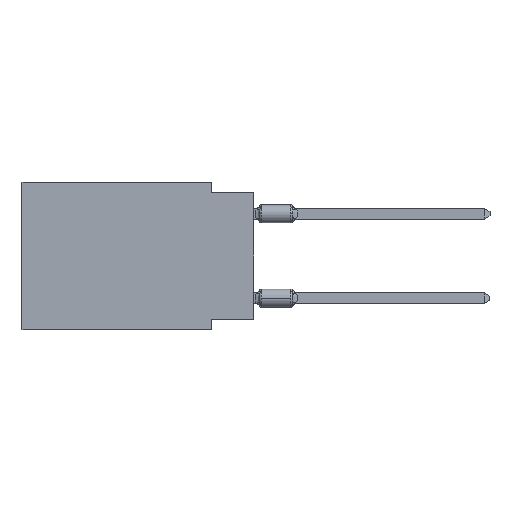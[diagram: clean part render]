
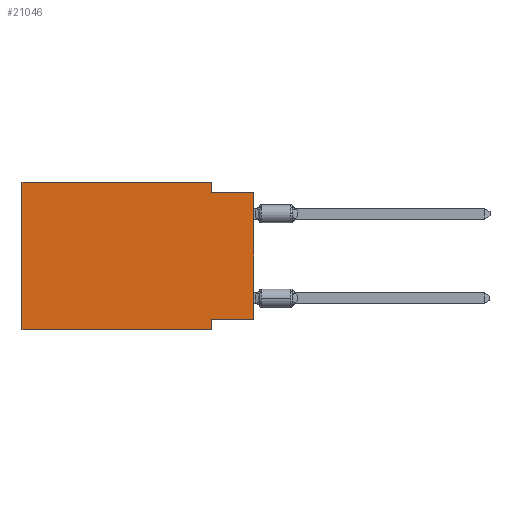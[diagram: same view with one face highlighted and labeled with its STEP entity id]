
A CAD part, left-side view. The second image highlights one B-rep face of the part: STEP entity #21046.
In plain terms, the highlighted planar face has unit normal (-1, 0, 0).
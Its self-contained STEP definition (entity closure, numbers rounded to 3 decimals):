
#267 = DIRECTION ( 'NONE',  ( 0., 1., 0. ) ) ;
#552 = EDGE_CURVE ( 'NONE', #5822, #3791, #19128, .T. ) ;
#1053 = LINE ( 'NONE', #17339, #16073 ) ;
#1590 = LINE ( 'NONE', #17991, #16207 ) ;
#1640 = VERTEX_POINT ( 'NONE', #14277 ) ;
#1796 = EDGE_CURVE ( 'NONE', #1640, #10874, #2358, .T. ) ;
#1816 = EDGE_CURVE ( 'NONE', #7917, #1640, #7277, .T. ) ;
#1916 = ORIENTED_EDGE ( 'NONE', *, *, #3583, .F. ) ;
#2358 = LINE ( 'NONE', #20168, #6768 ) ;
#2678 = VECTOR ( 'NONE', #6138, 1000. ) ;
#3006 = ORIENTED_EDGE ( 'NONE', *, *, #10089, .F. ) ;
#3583 = EDGE_CURVE ( 'NONE', #10874, #5408, #1053, .T. ) ;
#3791 = VERTEX_POINT ( 'NONE', #18504 ) ;
#3959 = FACE_OUTER_BOUND ( 'NONE', #9034, .T. ) ;
#4939 = LINE ( 'NONE', #11391, #18967 ) ;
#5405 = VECTOR ( 'NONE', #8885, 1000. ) ;
#5408 = VERTEX_POINT ( 'NONE', #6044 ) ;
#5555 = CARTESIAN_POINT ( 'NONE',  ( 0., 13.97, 0. ) ) ;
#5822 = VERTEX_POINT ( 'NONE', #7434 ) ;
#5949 = VECTOR ( 'NONE', #267, 1000. ) ;
#6044 = CARTESIAN_POINT ( 'NONE',  ( 0., 2.54, -0.635 ) ) ;
#6049 = CARTESIAN_POINT ( 'NONE',  ( 0., 2.54, -8.255 ) ) ;
#6138 = DIRECTION ( 'NONE',  ( 0., 0., 1. ) ) ;
#6193 = DIRECTION ( 'NONE',  ( 1., 0., 0. ) ) ;
#6768 = VECTOR ( 'NONE', #18866, 1000. ) ;
#6989 = VERTEX_POINT ( 'NONE', #12054 ) ;
#7099 = ORIENTED_EDGE ( 'NONE', *, *, #16585, .T. ) ;
#7277 = LINE ( 'NONE', #5555, #5405 ) ;
#7434 = CARTESIAN_POINT ( 'NONE',  ( 0., 0., -8.255 ) ) ;
#7748 = CARTESIAN_POINT ( 'NONE',  ( 0., 0., 0. ) ) ;
#7917 = VERTEX_POINT ( 'NONE', #17046 ) ;
#8117 = DIRECTION ( 'NONE',  ( 0., 0., -1. ) ) ;
#8775 = CARTESIAN_POINT ( 'NONE',  ( 0., 2.54, 0. ) ) ;
#8819 = LINE ( 'NONE', #11829, #5949 ) ;
#8885 = DIRECTION ( 'NONE',  ( 0., 0., 1. ) ) ;
#9034 = EDGE_LOOP ( 'NONE', ( #11129, #19531, #1916, #21090, #13071, #7099, #3006, #9657 ) ) ;
#9657 = ORIENTED_EDGE ( 'NONE', *, *, #12760, .F. ) ;
#10089 = EDGE_CURVE ( 'NONE', #17240, #6989, #1590, .T. ) ;
#10495 = PLANE ( 'NONE',  #18399 ) ;
#10874 = VERTEX_POINT ( 'NONE', #8775 ) ;
#11129 = ORIENTED_EDGE ( 'NONE', *, *, #552, .T. ) ;
#11179 = VECTOR ( 'NONE', #15325, 1000. ) ;
#11391 = CARTESIAN_POINT ( 'NONE',  ( 0., 13.97, -8.89 ) ) ;
#11829 = CARTESIAN_POINT ( 'NONE',  ( 0., 0., -8.255 ) ) ;
#12054 = CARTESIAN_POINT ( 'NONE',  ( 0., 2.54, -8.89 ) ) ;
#12520 = DIRECTION ( 'NONE',  ( 0., 0., -1. ) ) ;
#12760 = EDGE_CURVE ( 'NONE', #5822, #17240, #8819, .T. ) ;
#13071 = ORIENTED_EDGE ( 'NONE', *, *, #1816, .F. ) ;
#13396 = LINE ( 'NONE', #13610, #11179 ) ;
#13610 = CARTESIAN_POINT ( 'NONE',  ( 0., 0., -0.635 ) ) ;
#14277 = CARTESIAN_POINT ( 'NONE',  ( 0., 13.97, 0. ) ) ;
#14611 = DIRECTION ( 'NONE',  ( 0., -1., 0. ) ) ;
#14743 = EDGE_CURVE ( 'NONE', #5408, #3791, #13396, .T. ) ;
#15325 = DIRECTION ( 'NONE',  ( 0., -1., 0. ) ) ;
#16073 = VECTOR ( 'NONE', #12520, 1000. ) ;
#16207 = VECTOR ( 'NONE', #8117, 1000. ) ;
#16585 = EDGE_CURVE ( 'NONE', #7917, #6989, #4939, .T. ) ;
#17046 = CARTESIAN_POINT ( 'NONE',  ( 0., 13.97, -8.89 ) ) ;
#17240 = VERTEX_POINT ( 'NONE', #6049 ) ;
#17339 = CARTESIAN_POINT ( 'NONE',  ( 0., 2.54, 0. ) ) ;
#17991 = CARTESIAN_POINT ( 'NONE',  ( 0., 2.54, -8.89 ) ) ;
#18399 = AXIS2_PLACEMENT_3D ( 'NONE', #19082, #6193, #20906 ) ;
#18504 = CARTESIAN_POINT ( 'NONE',  ( 0., 0., -0.635 ) ) ;
#18866 = DIRECTION ( 'NONE',  ( 0., -1., 0. ) ) ;
#18967 = VECTOR ( 'NONE', #14611, 1000. ) ;
#19082 = CARTESIAN_POINT ( 'NONE',  ( 0., 13.97, 0. ) ) ;
#19128 = LINE ( 'NONE', #7748, #2678 ) ;
#19531 = ORIENTED_EDGE ( 'NONE', *, *, #14743, .F. ) ;
#20168 = CARTESIAN_POINT ( 'NONE',  ( 0., 13.97, 0. ) ) ;
#20906 = DIRECTION ( 'NONE',  ( 0., 0., -1. ) ) ;
#21046 = ADVANCED_FACE ( 'NONE', ( #3959 ), #10495, .F. ) ;
#21090 = ORIENTED_EDGE ( 'NONE', *, *, #1796, .F. ) ;

Work task:
Show, from the listing above, each line that contains the word "VECTOR".

Task result:
#2678 = VECTOR ( 'NONE', #6138, 1000. ) ;
#5405 = VECTOR ( 'NONE', #8885, 1000. ) ;
#5949 = VECTOR ( 'NONE', #267, 1000. ) ;
#6768 = VECTOR ( 'NONE', #18866, 1000. ) ;
#11179 = VECTOR ( 'NONE', #15325, 1000. ) ;
#16073 = VECTOR ( 'NONE', #12520, 1000. ) ;
#16207 = VECTOR ( 'NONE', #8117, 1000. ) ;
#18967 = VECTOR ( 'NONE', #14611, 1000. ) ;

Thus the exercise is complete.